# Constructive Feedback about the New Skin



## Alix (Mar 2, 2009)

Hey all, I know there are a lot of you looking at the Old format because the new one bothers you a bit. In order to streamline and make everyone happy it would really help if you could be specific about the things that bother you. That way, if there is a fix we can help you with it, and Andy can address some of the more common "bothersome" items. 

Some of the things I've heard so far are:

Right side is too busy - Fix it by reading this thread.

Colours yes, colours no. (Green EWWW! LOL Andy! Told you I'd get it in there again)

Too many ads - Switch to Firefox and use Adblocker Plus and they will all disappear. 

Page loads slowly - If you are using IE this is a problem, again, switching to Firefox will help, as will turning off the right side bar. 

So, can you add your personal comment in a constructive way so that we can make the new skin good for everyone? The new skin has lots of very user friendly features that you can't access on the old skin so if we can address some of the bugs it might make it better for all. Thanks everyone!


----------



## getoutamykitchen (Mar 2, 2009)

Hi Alix,
     I'll be the first to jump in here. The new skin is just to bright, while the old skin being laid out with the blue is a lot easier on my eyes.
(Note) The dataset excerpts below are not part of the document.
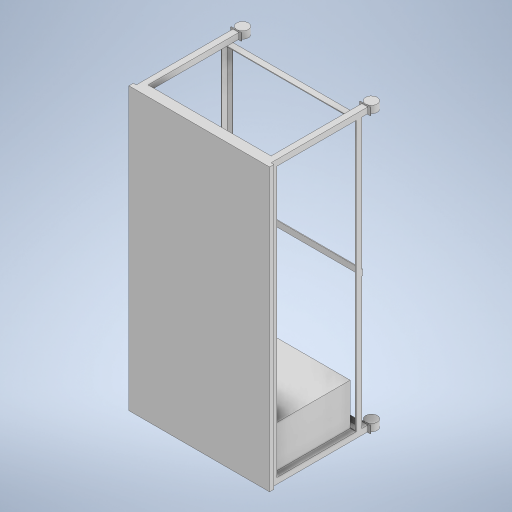
# Autodesk Inventor part: Table Model
Saved by Autodesk Inventor 2023 (Build 270158000, 158)
## iProperties
Created: 2022-09-16
Part Number: Table Model
Material: Generic
Document SubType Name: Modeling
Designer: mikep
Density: 1 g/cm^3
Appearance: Default
Mass: 146789 g
Surface Area: 91872.9 cm^2
Volume: 146789 cm^3
Author: mikep
Autodesk Inventor part; units mm, degrees
ref_plane "YZ Plane" through (0, 0, 0) normal (1, 0, 0) x (0, 1, 0)
ref_plane "XZ Plane" through (0, 0, 0) normal (0, 1, 0) x (-1, 0, 0)
ref_plane "XY Plane" through (0, 0, 0) normal (0, 0, 1) x (1, 0, 0)
sketch "Sketch1" plane through (0, 0, 0) normal (0, 0, 1) x (1, 0, 0)
  line L0 (0, 0) -> (1219.2, 0)
  line L1 (1219.2, 0) -> (1219.2, 2438.4)
  line L2 (1219.2, 2438.4) -> (0, 2438.4)
  line L3 (0, 2438.4) -> (0, 0)
  line L4 (609.6, 0) -> (609.6, 2438.4)
  dimension "d0" = 1219.2
  constraints: 10 end point, 2 midpoint, 2 parallel, 1 horizontal, 1 perpendicular
  measures "d0" distance of L2.end L1.end
extrude "Extrusion1" add sketch "Sketch1" along normal blind 38.1
sketch "Sketch2" plane through (0, 0, 0) normal (0, 0, -1) x (-1, 0, 0)
  line L0 (0, 2438.4) -> (0, 0) projected
  line L1 (-1219.2, 2438.4) -> (0, 2438.4) projected
  line L2 (0, 0) -> (0, 2438.4)
  line L3 (0, 2438.4) -> (-1219.2, 2438.4)
  line L4 (-1219.2, 0) -> (-1219.2, 2438.4) projected
  line L5 (-1219.2, 2438.4) -> (-1219.2, 0)
  line L6 (0, 0) -> (-1219.2, 0) projected
  line L7 (-1219.2, 0) -> (0, 0)
  line L8 (-76.2, 50.8) -> (-1143, 50.8)
  line L9 (-76.2, 50.8) -> (-76.2, 2387.6)
  line L10 (-76.2, 2387.6) -> (-1143, 2387.6)
  line L11 (-1143, 2387.6) -> (-1143, 50.8)
  line L12 (-76.2, 1193.8) -> (-1143, 1193.8)
  line L13 (-1143, 1244.6) -> (-76.2, 1244.6)
  line L14 (-25.4, 0) -> (-25.4, 2438.4)
  line L15 (-1193.8, 2438.4) -> (-1193.8, 0)
  point P0 (-609.6, 0)
  point P1 (-1193.8, 0)
  point P2 (-25.4, 2438.4)
  dimension "d4" = 50.8
  dimension "d5" = 1066.8
  dimension "d8" = 50.8
  dimension "d9" = 1193.8
  dimension "d11" = 50.8
  dimension "d13" = 25.4
  dimension "d19" = 50.8
  constraints: 24 end point, 8 point on line, 6 perpendicular, 3 collinear, 2 parallel, 1 midpoint, 1 vertical
  measures "d4" distance between parallel lines of L6 L8
  measures "d5" distance of L9.end L10.end
  measures "d8" distance between parallel lines of L12 L13
  measures "d9" distance from line of point (-609.6, 0) L12
  measures "d11" distance between parallel lines of L9 L14
  measures "d13" distance between parallel lines of L0 L14
  measures "d19" distance between parallel lines of L1 L10
extrude "Extrusion2" add sketch "Sketch2" along normal blind 50.8 contours L14 L6 L15 L1 | L12 L11 L13 L9
sketch "Sketch3" plane through (0, 0, -50.8) normal (0, 0, -1) x (-1, 0, 0)
  line L0 (-25.4, 2438.4) -> (-25.4, 0) projected
  line L1 (-76.2, 50.8) -> (-25.4, 50.8)
  line L2 (-25.4, 50.8) -> (-25.4, 0)
  line L3 (-25.4, 0) -> (-76.2, 0)
  line L4 (-76.2, 0) -> (-76.2, 50.8)
  line L5 (-1193.8, 0) -> (-25.4, 0) projected
  line L6 (-1143, 1193.8) -> (-1143, 50.8) projected
  line L7 (-1193.8, 0) -> (-1143, 0)
  line L8 (-1143, 0) -> (-1143, 50.8)
  line L9 (-1143, 50.8) -> (-1193.8, 50.8)
  line L10 (-1193.8, 50.8) -> (-1193.8, 0)
  line L11 (-1143, 2387.6) -> (-76.2, 2387.6) projected
  line L12 (-1143, 2387.6) -> (-1193.8, 2387.6)
  line L13 (-1193.8, 2387.6) -> (-1193.8, 2438.4)
  line L14 (-1193.8, 2438.4) -> (-1143, 2438.4)
  line L15 (-1143, 2438.4) -> (-1143, 2387.6)
  line L16 (-1219.2, 2438.4) -> (0, 2438.4) projected
  line L17 (-76.2, 2387.6) -> (-25.4, 2387.6)
  line L18 (-25.4, 2387.6) -> (-25.4, 2438.4)
  line L19 (-25.4, 2438.4) -> (-76.2, 2438.4)
  line L20 (-76.2, 2438.4) -> (-76.2, 2387.6)
  line L21 (-76.2, 1193.8) -> (-1143, 1193.8) projected
  point P0 (0, 0)
  point P1 (-25.4, 1244.6)
  dimension "d18" = 50.8
  constraints: 32 end point, 8 parallel, 6 point on line, 4 horizontal, 4 perpendicular
  measures "d18" distance of L14.end L11.start
extrude "Extrusion3" add sketch "Sketch3" along normal blind 736.6 contours L5 L10 L9 L8 | L0 L3 L4 L1 | L0 L17 L20 L16 | L15 L12 L13 L14
sketch "Sketch8" plane through (25.4, 2387.6, -50.8) normal (0, -1, 0) x (1, 0, 0)
  line L0 (0, -735.9482) -> (0, -685.1482)
  line L1 (0, 0) -> (0, -736.6) projected
  line L2 (0, -685.1482) -> (6.35, -685.1482)
  line L3 (50.8, -736.6) -> (0, -736.6) projected
  line L4 (0, -736.6) -> (50.8, -736.6)
  line L5 (50.8, -736.6) -> (50.8, -730.25)
  line L6 (50.8, 0) -> (50.8, -736.6) projected
  line L7 (50.8, -730.25) -> (6.35, -730.25)
  line L8 (6.35, -730.25) -> (6.35, -685.1482)
  line L9 (1168.4, 0) -> (1168.4, -736.6) projected
  line L10 (1168.4, -736.6) -> (1168.4, -685.8)
  line L11 (1168.4, -685.8) -> (1168.4, -736.6)
  line L12 (1168.4, -736.6) -> (1117.6, -736.6) projected
  line L13 (1168.4, -736.6) -> (1117.6, -736.6)
  line L14 (1117.6, -736.6) -> (1117.6, -730.25)
  line L15 (1117.6, 0) -> (1117.6, -736.6) projected
  line L16 (1117.6, -730.25) -> (1162.05, -730.25)
  line L17 (1162.05, -730.25) -> (1162.05, -685.8)
  line L18 (1162.05, -685.8) -> (1168.4, -685.8)
  point P0 (-25.4, 50.8)
  point P1 (0, -735.9482)
  dimension "d40" = 50.8
  dimension "d41" = 6.35
  dimension "d42" = 6.35
  dimension "d43" = 44.45
  dimension "d44" = 50.8
  dimension "d45" = 6.35
  dimension "d46" = 44.45
  dimension "d47" = 44.45
  constraints: 26 end point, 5 perpendicular, 4 point on line, 2 horizontal, 1 collinear
  measures "d40" distance of L0.start L0.end
  measures "d41" distance of L0.end L2.end
  measures "d42" distance of L3.start L5.end
  measures "d43" distance of L5.end L7.end
  measures "d44" distance of L9.end L10.end
  measures "d45" distance of L12.end L14.end
  measures "d46" distance of L14.end L16.end
  measures "d47" distance of L16.end L17.end
extrude "Extrusion6" add sketch "Sketch8" along normal blind 2336.8
sketch "Sketch9" plane through (1187.45, 50.8, -781.05) normal (-1, 0, 0) x (0, 0, 1)
  line L0 (44.45, 0) -> (0, 0) projected
  line L1 (44.45, 0) -> (44.45, 6.35)
  line L2 (44.45, 2336.8) -> (44.45, 0) projected
  line L3 (44.45, 6.35) -> (0, 6.35)
  line L4 (0, 2336.8) -> (0, 0) projected
  line L5 (44.45, 2336.8) -> (44.45, 0) projected
  line L6 (0, 0) -> (44.45, 0)
  line L7 (0, 2336.8) -> (44.45, 2336.8) projected
  line L8 (44.45, 2336.8) -> (0, 2336.8)
  line L9 (0, 2336.8) -> (0, 2330.45)
  line L10 (0, 2330.45) -> (44.45, 2330.45)
  point P0 (781.05, -50.8)
  dimension "d50" = 6.35
  dimension "d51" = 6.35
  constraints: 12 end point, 4 point on line, 2 perpendicular, 1 collinear, 1 horizontal
  measures "d50" distance of L0.start L1.end
  measures "d51" distance of L4.start L9.end
extrude "Extrusion7" add sketch "Sketch9" along normal blind 1155.7 contours L0 L4 L3 L1 | L10 L4 L7 L2
sketch "Sketch10" plane through (76.2, 0, -787.4) normal (1, 0, 0) x (0, 0, -1)
  line L0 (-6.35, 2387.6) -> (-6.35, 2381.25) projected
  line L1 (-6.35, 2387.6) -> (-6.35, 2336.8)
  line L2 (-6.35, 2381.25) -> (-6.35, 57.15) projected
  line L3 (-6.35, 2336.8) -> (0, 2336.8)
  line L4 (0, 2438.4) -> (0, 0) projected
  line L5 (0, 2387.6) -> (-6.35, 2387.6)
  line L6 (-6.35, 50.8) -> (0, 50.8)
  line L7 (0, 50.8) -> (0, 101.6)
  line L8 (0, 0) -> (0, 2438.4) projected
  line L9 (0, 101.6) -> (-6.35, 101.6)
  line L10 (-6.35, 101.6) -> (-6.35, 50.8)
  point P0 (-787.4, 0)
  dimension "d54" = 50.8
  dimension "d55" = 50.8
  constraints: 14 end point, 5 point on line, 4 perpendicular, 1 horizontal
  measures "d54" distance of L0.start L1.end
  measures "d55" distance of L6.end L7.end
extrude "Extrusion8" add sketch "Sketch10" along normal blind 1066.8 contours L5 L4 L3 L1 L0 | L9 L4 L6 L10 L2
sketch "Sketch12" plane through (0, 0, -787.4) normal (0, 0, -1) x (-1, 0, 0)
  line L0 (-1143, 1193.8) -> (-76.2, 1193.8) projected
  line L1 (-76.2, 1193.8) -> (-25.4, 1193.8)
  line L2 (-25.4, 50.8) -> (-25.4, 2387.6) projected
  line L3 (-25.4, 1193.8) -> (-25.4, 1244.6)
  line L4 (-25.4, 2387.6) -> (-25.4, 50.8) projected
  line L5 (-25.4, 1244.6) -> (-76.2, 1244.6)
  line L6 (-76.2, 2336.8) -> (-76.2, 101.6) projected
  line L7 (-76.2, 1193.8) -> (-76.2, 1244.6)
  line L8 (-76.2, 2336.8) -> (-76.2, 101.6) projected
  point P0 (0, 0)
  dimension "d58" = 50.8
  constraints: 8 end point, 3 point on line, 1 collinear, 1 horizontal, 1 perpendicular
  measures "d58" distance of L1.end L3.end
extrude "Extrusion9" add sketch "Sketch12" along normal blind 6.35
sketch "Sketch13" plane through (76.2, 101.6, -781.05) normal (1, 0, 0) x (0, 0, -1)
  line L0 (6.35, 1092.2) -> (6.35, 0) projected
  line L1 (6.35, 2235.2) -> (6.35, 1143) projected
  line L2 (6.35, 1092.2) -> (6.35, 1143)
  line L3 (6.35, 1143) -> (12.7, 1143) projected
  line L4 (6.35, 1143) -> (12.7, 1143)
  line L5 (12.7, 1143) -> (12.7, 1092.2)
  line L6 (6.35, 1092.2) -> (12.7, 1092.2) projected
  line L7 (12.7, 1092.2) -> (6.35, 1092.2)
  point P0 (-781.05, -101.6)
  constraints: 8 end point, 2 perpendicular, 1 collinear, 1 vertical
extrude "Extrusion10" add sketch "Sketch13" along normal blind 1117.6
sketch "Sketch14" plane through (0, 0, -787.4) normal (0, 0, -1) x (-1, 0, 0)
  line L0 (-25.4, 0) -> (-25.4, 1193.8) projected
  line L1 (-76.2, 50.8) -> (-76.2, 0) projected
  line L2 (-25.4, 0) -> (-76.2, 0)
  line L3 (-76.2, 0) -> (-76.2, 50.8)
  line L4 (-76.2, 50.8) -> (-25.4, 50.8) projected
  line L5 (-76.2, 50.8) -> (-25.4, 50.8)
  line L6 (-25.4, 50.8) -> (-25.4, 0)
  line L7 (-1193.8, 0) -> (-1143, 0) projected
  line L8 (-1193.8, 2387.6) -> (-1193.8, 50.8) projected
  line L9 (-1143, 0) -> (-1193.8, 0)
  line L10 (-1193.8, 0) -> (-1193.8, 50.8)
  line L11 (-1193.8, 50.8) -> (-1143, 50.8)
  line L12 (-1143, 50.8) -> (-1143, 0)
  line L13 (-1143, 2387.6) -> (-1143, 2438.4) projected
  line L14 (-1143, 2387.6) -> (-1193.8, 2387.6)
  line L15 (-1193.8, 2387.6) -> (-1193.8, 2438.4)
  line L16 (-1193.8, 2438.4) -> (-1143, 2438.4)
  line L17 (-1143, 2438.4) -> (-1143, 2387.6)
  line L18 (-76.2, 2387.6) -> (-1143, 2387.6) projected
  line L19 (-25.4, 2438.4) -> (-25.4, 0) projected
  line L20 (-76.2, 2387.6) -> (-25.4, 2387.6)
  line L21 (-25.4, 2387.6) -> (-25.4, 2438.4)
  line L22 (-25.4, 2438.4) -> (-76.2, 2438.4)
  line L23 (-76.2, 2438.4) -> (-76.2, 2387.6)
  point P0 (0, 0)
  constraints: 32 end point, 8 equal length, 4 horizontal, 4 perpendicular
extrude "Extrusion11" add sketch "Sketch14" along normal blind 50.8
sketch "Sketch15" plane through (0, 0, -50.8) normal (0, 0, -1) x (-1, 0, 0)
  line L0 (-76.2, 2387.6) -> (-76.2, 1244.6) projected
  line L1 (-25.4, 2387.6) -> (-76.2, 2387.6) projected
  line L2 (-1193.8, 2387.6) -> (-1193.8, 50.8) projected
  line L3 (-1143, 2387.6) -> (-1193.8, 2387.6) projected
  line L4 (-1143, 50.8) -> (-1143, 1193.8) projected
  line L5 (-1193.8, 50.8) -> (-1143, 50.8) projected
  line L6 (-25.4, 50.8) -> (-25.4, 2387.6) projected
  line L7 (-76.2, 50.8) -> (-25.4, 50.8) projected
  line L8 (-1143, 1193.8) -> (-76.2, 1193.8) projected
  line L9 (-76.2, 2438.4) -> (-1143, 2438.4) projected
  line L10 (-1143, 2438.4) -> (-1143, 2387.6) projected
  line L11 (-76.2, 2387.6) -> (-76.2, 2438.4) projected
  point P0 (0, 0)
  point P1 (-50.8, 2336.8)
  point P2 (-50.8, 2387.6)
  point P3 (-1168.4, 2336.8)
  point P4 (-1168.4, 101.6)
  point P5 (-1168.4, 50.8)
  point P6 (-50.8, 101.6)
  point P7 (-50.8, 1219.2)
  point P8 (-1168.4, 1219.2)
  point P9 (-1193.8, 1219.2)
  point P10 (-1092.2, 2413)
  point P11 (-1143, 2413)
  point P12 (-127, 2413)
  point P13 (-127, 26.9736)
  point P14 (-1092.2, 24.7592)
  dimension "d65" = 25.4
  dimension "d66" = 50.8
  dimension "d67" = 25.4
  dimension "d68" = 50.8
  dimension "d69" = 25.4
  dimension "d70" = 50.8
  dimension "d71" = 25.4
  dimension "d72" = 50.8
  dimension "d80" = 25.4
  dimension "d81" = 25.4
  dimension "d82" = 25.4
  dimension "d83" = 50.8
  dimension "d84" = 50.8
  constraints: 4 midpoint
  measures "d65" distance from line of L0 point (-50.8, 2336.8)
  measures "d66" distance of point (-50.8, 2387.6) point (-50.8, 2336.8)
  measures "d67" distance from line of L2 point (-1168.4, 2336.8)
  measures "d68" distance from line of L3 point (-1168.4, 2336.8)
  measures "d69" distance from line of L4 point (-1168.4, 101.6)
  measures "d70" distance of point (-1168.4, 50.8) point (-1168.4, 101.6)
  measures "d71" distance from line of L6 point (-50.8, 101.6)
  measures "d72" distance from line of L7 point (-50.8, 101.6)
  measures "d80" distance of point (-1193.8, 1219.2) point (-1168.4, 1219.2)
  measures "d81" distance from line of L8 point (-1168.4, 1219.2)
  measures "d82" distance from line of L9 point (-1092.2, 2413)
  measures "d83" distance of point (-1143, 2413) point (-1092.2, 2413)
  measures "d84" distance from line of L11 point (-127, 2413)
hole "Hole1" at (50.8, 2336.8, -50.8) at (1168.4, 2336.8, -50.8) at (1168.4, 101.6, -50.8) at (50.8, 101.6, -50.8) direction (0, 0, 1) diameter 8.255 depth 19.05 tip angle 118
sketch "Sketch16" plane through (0, 0, -838.2) normal (0, 0, -1) x (-1, 0, 0)
  line L0 (-4.826, -5.588) -> (-96.774, -5.588)
  line L1 (-96.774, -5.588) -> (-96.774, 56.388)
  line L2 (-96.774, 56.388) -> (-4.826, 56.388)
  line L3 (-4.826, 56.388) -> (-4.826, -5.588)
  line L4 (-76.2, 50.8) -> (-76.2, 0) projected
  line L5 (-1122.426, -5.588) -> (-1214.374, -5.588)
  line L6 (-1214.374, -5.588) -> (-1214.374, 56.388)
  line L7 (-1214.374, 56.388) -> (-1122.426, 56.388)
  line L8 (-1122.426, 56.388) -> (-1122.426, -5.588)
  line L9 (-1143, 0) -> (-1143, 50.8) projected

The flashing ads are very distracting.
I find it hard to tell if someone else is on DC by the light or dot under their username. The orange is too dim. The green is more prominent. 
On a positive note I do love the new logo in the top left hand corner of the cutting board and tomatoes. I truly look forward to my time here on DC. There is a great group of members here and everyone is very helpful.
I did go to edit. and get rid of the ads flashing that really is a blessing.


----------



## Claire (Mar 2, 2009)

I can't believe how many people responded to my complaints, and here I am.  For me the entire format was just too darned distracting.  Too much movement ... No, I didn't like all the ads, but I know that someone has to pay for the site.  But when I'd be trying to read my eyes kept going off to the side or top because there was just too much movement.  I'm a serious reader, read and read and read, and this was stopping me from reading.  I felt like I couldn't get through a sentence without my eyes being jerked away from what I was trying to read.  I'm also with those who found the format just too busy.  Just too much on the page.  I wonder too about the age of your "audience".  Maybe those of us over 50 simply are not of the real computer generation ... it is just over-stimulation to some of us.  The new format actually made me nervous.


----------



## texasgirl (Mar 2, 2009)

I use Google Chrome and it loads just fine for me. I like the colors Alix,lol, sorry


----------



## Alix (Mar 2, 2009)

Thanks guys! This is exactly what we need to hear. 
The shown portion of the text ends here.